Father’s Day 2011 has me far away from my family. My parents are in South Florida. I am on a night flight from Salt Lake City, Utah to my home in Los Angeles.
At some point there will be a phone call. It will be short, because my dad is a man of few words on the telephone. I think he gets that from his father. I remember calling my grandfather once a week, usually on a Tuesday.
The conversation consisted of “How are you feeling?,” How is the weather?,” and “I love you.” Yet as much as he disliked talking on the telephone, he would worry if I did not call.

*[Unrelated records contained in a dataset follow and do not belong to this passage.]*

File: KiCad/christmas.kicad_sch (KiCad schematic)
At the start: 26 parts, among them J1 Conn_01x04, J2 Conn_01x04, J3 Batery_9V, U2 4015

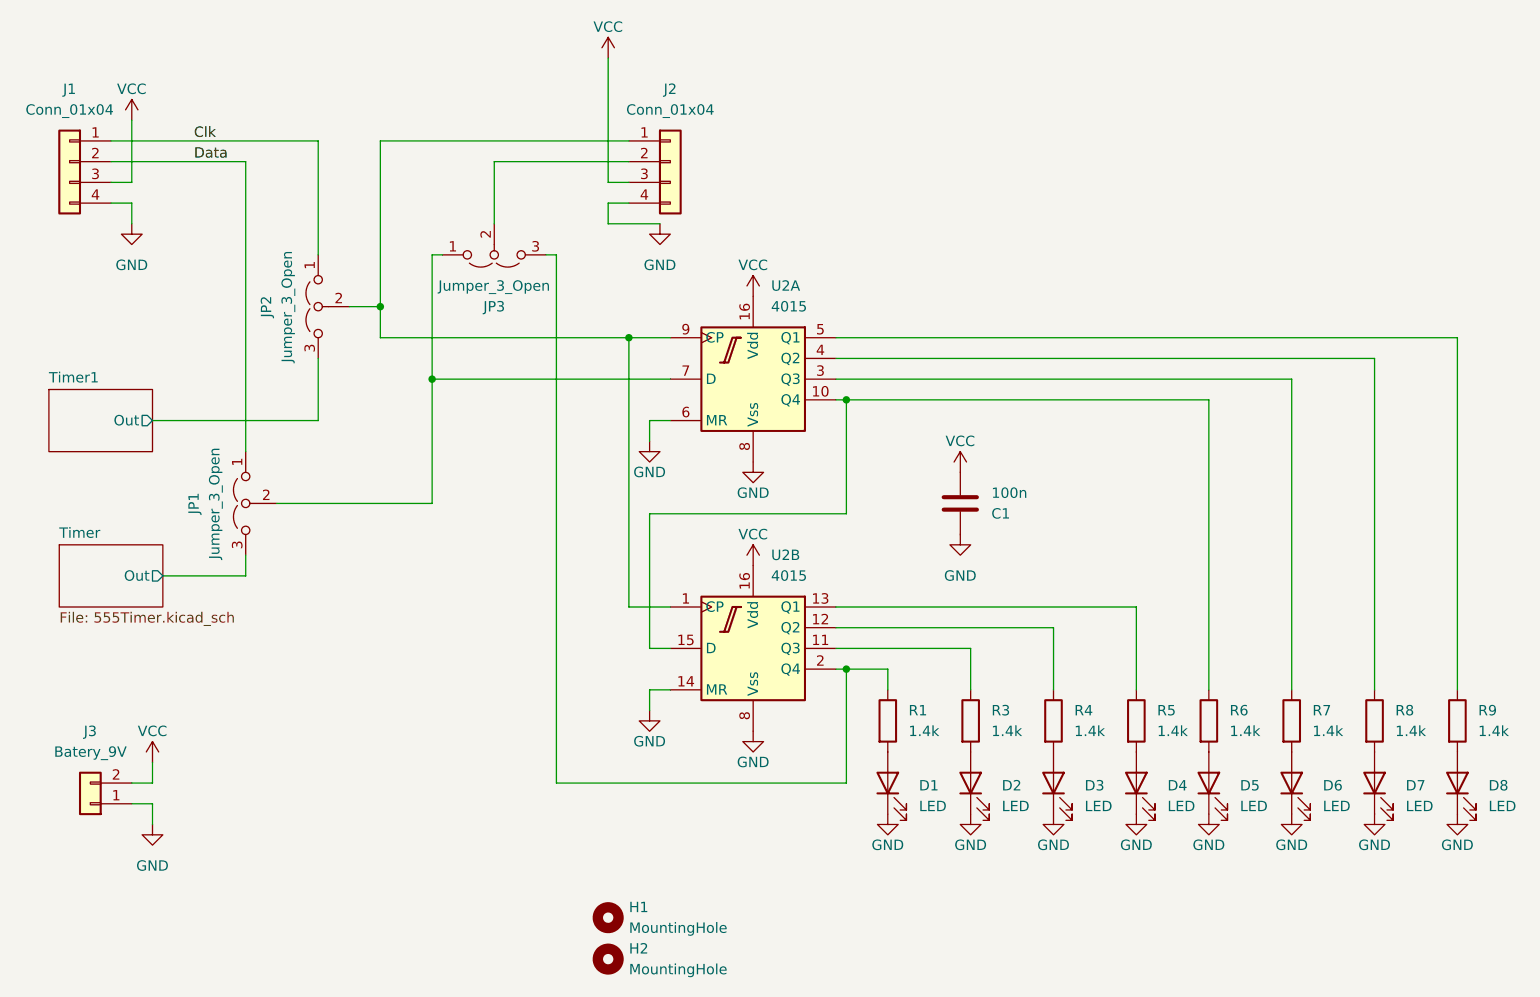
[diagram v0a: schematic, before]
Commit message: rewire board2board connector to match "same direction" cables
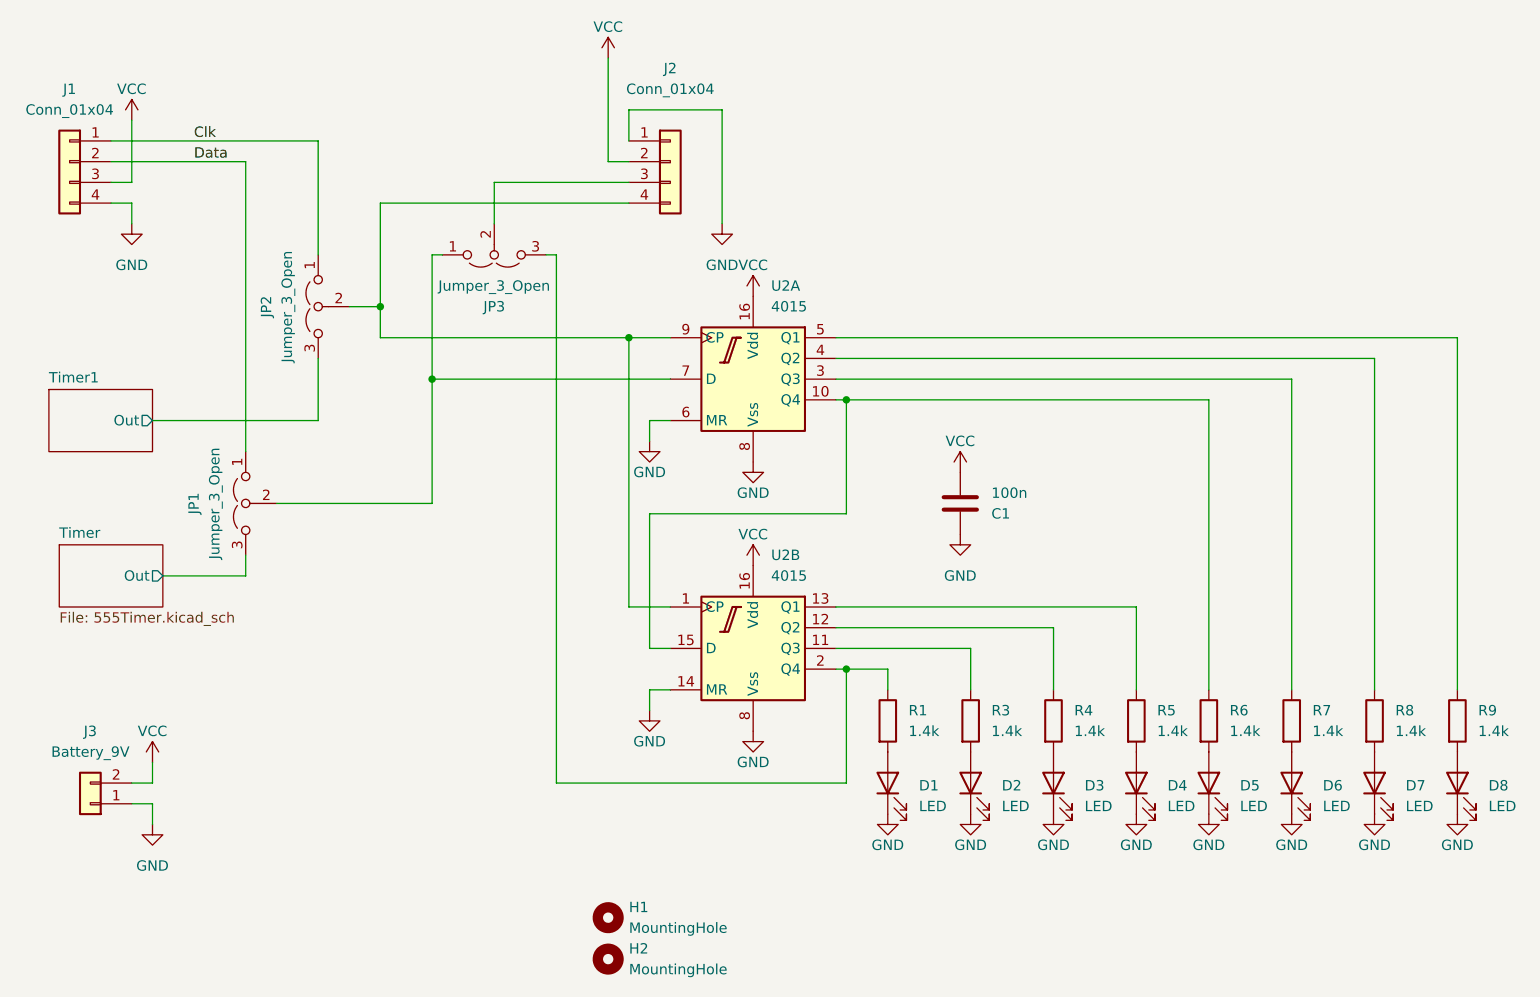
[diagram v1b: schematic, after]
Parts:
- J3: value Batery_9V -> Battery_9V
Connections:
- net GND: now also J2.1 (Pin_1); no longer J2.4 (Pin_4)
- net VCC: now also J2.2 (Pin_2); no longer J2.3 (Pin_3)
- net at JP2.2 (C), U2.1 (CP), U2.9 (CP): now also J2.4 (Pin_4); no longer J2.1 (Pin_1)
- net at JP3.2 (C): now also J2.3 (Pin_3); no longer J2.2 (Pin_2)
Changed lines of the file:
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@@
-    (stroke (width 0) (type default))
-  )
-  (wire (pts (xy 114.3 66.04) (xy 116.84 66.04))
     (stroke (width 0) (type default))
   )
@@
     (stroke (width 0) (type default))
   )
-  (wire (pts (xy 114.3 48.26) (xy 114.3 63.5))
-    (stroke (width 0) (type default))
-  )
   (wire (pts (xy 119.38 120.65) (xy 121.92 120.65))
     (stroke (width 0) (type default))
@@
     (stroke (width 0) (type default))
   )
+  (wire (pts (xy 116.84 66.04) (xy 86.36 66.04))
+    (stroke (width 0) (type default))
+  )
+  (wire (pts (xy 100.33 63.5) (xy 116.84 63.5))
+    (stroke (width 0) (type default))
+  )
   (wire (pts (xy 86.36 82.55) (xy 116.84 82.55))
     (stroke (width 0) (type default))
@@
     (stroke (width 0) (type default))
   )
+  (wire (pts (xy 114.3 60.96) (xy 116.84 60.96))
+    (stroke (width 0) (type default))
+  )
   (wire (pts (xy 143.51 123.19) (xy 143.51 137.16))
     (stroke (width 0) (type default))
@@
     (stroke (width 0) (type default))
   )
-  (wire (pts (xy 86.36 58.42) (xy 86.36 78.74))
-    (stroke (width 0) (type default))
-  )
   (wire (pts (xy 116.84 82.55) (xy 116.84 115.57))
     (stroke (width 0) (type default))
   )
-  (wire (pts (xy 100.33 60.96) (xy 116.84 60.96))
-    (stroke (width 0) (type default))
-  )
-  (wire (pts (xy 100.33 68.58) (xy 100.33 60.96))
-    (stroke (width 0) (type default))
-  )
   (wire (pts (xy 142.24 85.09) (xy 208.28 85.09))
     (stroke (width 0) (type default))
   )
+  (wire (pts (xy 100.33 68.58) (xy 100.33 63.5))
+    (stroke (width 0) (type default))
+  )
   (wire (pts (xy 86.36 78.74) (xy 86.36 82.55))
     (stroke (width 0) (type default))
@@
     (stroke (width 0) (type default))
   )
-  (wire (pts (xy 114.3 68.58) (xy 120.65 68.58))
-    (stroke (width 0) (type default))
-  )
   (wire (pts (xy 78.74 92.71) (xy 78.74 85.09))
     (stroke (width 0) (type default))
@@
     (stroke (width 0) (type default))
   )
+  (wire (pts (xy 128.27 68.58) (xy 128.27 54.61))
+    (stroke (width 0) (type default))
+  )
   (wire (pts (xy 53.34 60.96) (xy 69.85 60.96))
     (stroke (width 0) (type default))
@@
     (stroke (width 0) (type default))
   )
-  (wire (pts (xy 114.3 68.58) (xy 114.3 66.04))
-    (stroke (width 0) (type default))
-  )
   (wire (pts (xy 55.88 66.04) (xy 53.34 66.04))
     (stroke (width 0) (type default))
@@
     (stroke (width 0) (type default))
   )
+  (wire (pts (xy 116.84 54.61) (xy 116.84 58.42))
+    (stroke (width 0) (type default))
+  )
   (wire (pts (xy 119.38 128.27) (xy 119.38 125.73))
     (stroke (width 0) (type default))
@@
     (stroke (width 0) (type default))
   )
+  (wire (pts (xy 86.36 66.04) (xy 86.36 78.74))
+    (stroke (width 0) (type default))
+  )
   (wire (pts (xy 158.75 120.65) (xy 158.75 125.73))
     (stroke (width 0) (type default))
   )
-  (wire (pts (xy 86.36 58.42) (xy 116.84 58.42))
-    (stroke (width 0) (type default))
-  )
   (wire (pts (xy 143.51 123.19) (xy 148.59 123.19))
     (stroke (width 0) (type default))
@@
     (stroke (width 0) (type default))
   )
+  (wire (pts (xy 114.3 48.26) (xy 114.3 60.96))
+    (stroke (width 0) (type default))
+  )
   (wire (pts (xy 119.38 92.71) (xy 121.92 92.71))
     (stroke (width 0) (type default))
   )
-  (wire (pts (xy 114.3 63.5) (xy 116.84 63.5))
-    (stroke (width 0) (type default))
-  )
   (wire (pts (xy 55.88 63.5) (xy 53.34 63.5))
     (stroke (width 0) (type default))
@@
   )
   (wire (pts (xy 92.71 72.39) (xy 93.98 72.39))
+    (stroke (width 0) (type default))
+  )
+  (wire (pts (xy 128.27 54.61) (xy 116.84 54.61))
     (stroke (width 0) (type default))
   )
@@
   (symbol (lib_id "Connector_Generic:Conn_01x04") (at 121.92 60.96 0) (unit 1)
     (in_bom yes) (on_board yes) (dnp no)
-    (property "Reference" "J2" (at 121.92 52.07 0)
-      (effects (font (size 1.27 1.27)))
-    )
-    (property "Value" "Conn_01x04" (at 121.92 54.61 0)
+    (property "Reference" "J2" (at 121.92 49.53 0)
+      (effects (font (size 1.27 1.27)))
+    )
+    (property "Value" "Conn_01x04" (at 121.92 52.07 0)
       (effects (font (size 1.27 1.27)))
     )
@@
       (effects (font (size 1.27 1.27)))
     )
-    (property "Value" "Batery_9V" (at 50.8 133.35 0)
+    (property "Value" "Battery_9V" (at 50.8 133.35 0)
       (effects (font (size 1.27 1.27)))
     )
@@
     )
   )
-  (symbol (lib_id "power:GND") (at 120.65 68.58 0) (unit 1)
-    (in_bom yes) (on_board yes) (dnp no) (fields_autoplaced)
-    (property "Reference" "#PWR027" (at 120.65 74.93 0)
-      (effects (font (size 1.27 1.27)) hide)
-    )
-    (property "Value" "GND" (at 120.65 73.66 0)
-      (effects (font (size 1.27 1.27)))
-    )
-    (property "Footprint" "" (at 120.65 68.58 0)
-      (effects (font (size 1.27 1.27)) hide)
-    )
-    (property "Datasheet" "" (at 120.65 68.58 0)
-      (effects (font (size 1.27 1.27)) hide)
-    )
+  (symbol (lib_id "power:GND") (at 128.27 68.58 0) (unit 1)
+    (in_bom yes) (on_board yes) (dnp no) (fields_autoplaced)
+    (property "Reference" "#PWR027" (at 128.27 74.93 0)
+      (effects (font (size 1.27 1.27)) hide)
+    )
+    (property "Value" "GND" (at 128.27 73.66 0)
+      (effects (font (size 1.27 1.27)))
+    )
+    (property "Footprint" "" (at 128.27 68.58 0)
+      (effects (font (size 1.27 1.27)) hide)
+    )
+    (property "Datasheet" "" (at 128.27 68.58 0)
+      (effects (font (size 1.27 1.27)) hide)
+    )

Like my grandfather, my dad has had a hard life. He entered this world under nightmarish circumstances. His health has never been good. My mom insists that there was a time when my dad was a happy, healthy man brimming with optimism. I do not remember those days.
It is tough to be optimistic about life when you can’t be healthy. He sometimes coughs constantly. The doctors could never figure out why.
Despite having open heart surgery twice, all he wanted out of life was to be able to enjoy his fishing and read his books. Now his eyesight is not so good, and once again the doctors cannot seem to be able to figure out what is wrong. To not be able to read a book for him is tough. He can still go fishing, but when the weather is bad he cannot do that.
I worry because I remember how it ended for my grandfather. My grandfather lived until age 100. I saw him three months before he died. He was fine. What did him in was a brutally cold weather in New York in 2004. His one pleasure was sitting outside with his friends in the park. Yet that one cold winter prevented him from going outside. With nothing to do, and unable to leave the apartment, dementia set in.
My father does not have dementia. He has a sharp mind. Yet he is not 100. He is only 70. Yet it is so incredibly frustrating to be alive but unable to do things.
He has his hearing and his arms and legs. I just hope the doctors fix his eyes. I had laser surgery and my eyes are better than ever. Yet his are worse than ever. I wish I could share my newfound sight with him.
In some ways my dad is one of the luckiest men on Earth. He has things some people never have in this world.
He has been married to my mom for 46 years. They are very happy together. Their closest friends are my de facto aunt and uncle, and that friendship has also been several decades.
My dad has so many people who care about him. So did my grandfather.
My dad would really like to see me married with kids, and I certainly would like that. Yet I am at peace with this not occurring. He is not. It worries me that the one thing I want my dad to have…inner peace…he may never have while he is alive.
On more than one occasion he has said “my race is run.” Yet the rest of the family wants him to stay around. We just want him not to suffer so much.
Some people never know who their fathers are. Other people have distant memories. So of course I am grateful for still having my dad. I just wish something could be done to improve his quality of life.
I ask him if he is feeling better, and he says “I am not going to get better.”
I had not anticipated such a bleak train of thought on what should be a day of joy, but my Father’s Day will be spent just praying for my dad. I hope he has more good days than bad days. I just wish somehow, some way, he could just for a few moments experience what it is like to be healthy. He may never stop coughing, but at least if he could just have his eyes back to read his books, that would be something.
My mom will be with him, and that will have to be enough.
As for me, I just pray.
Dad, I love you. I wish you much better health, and much better days ahead.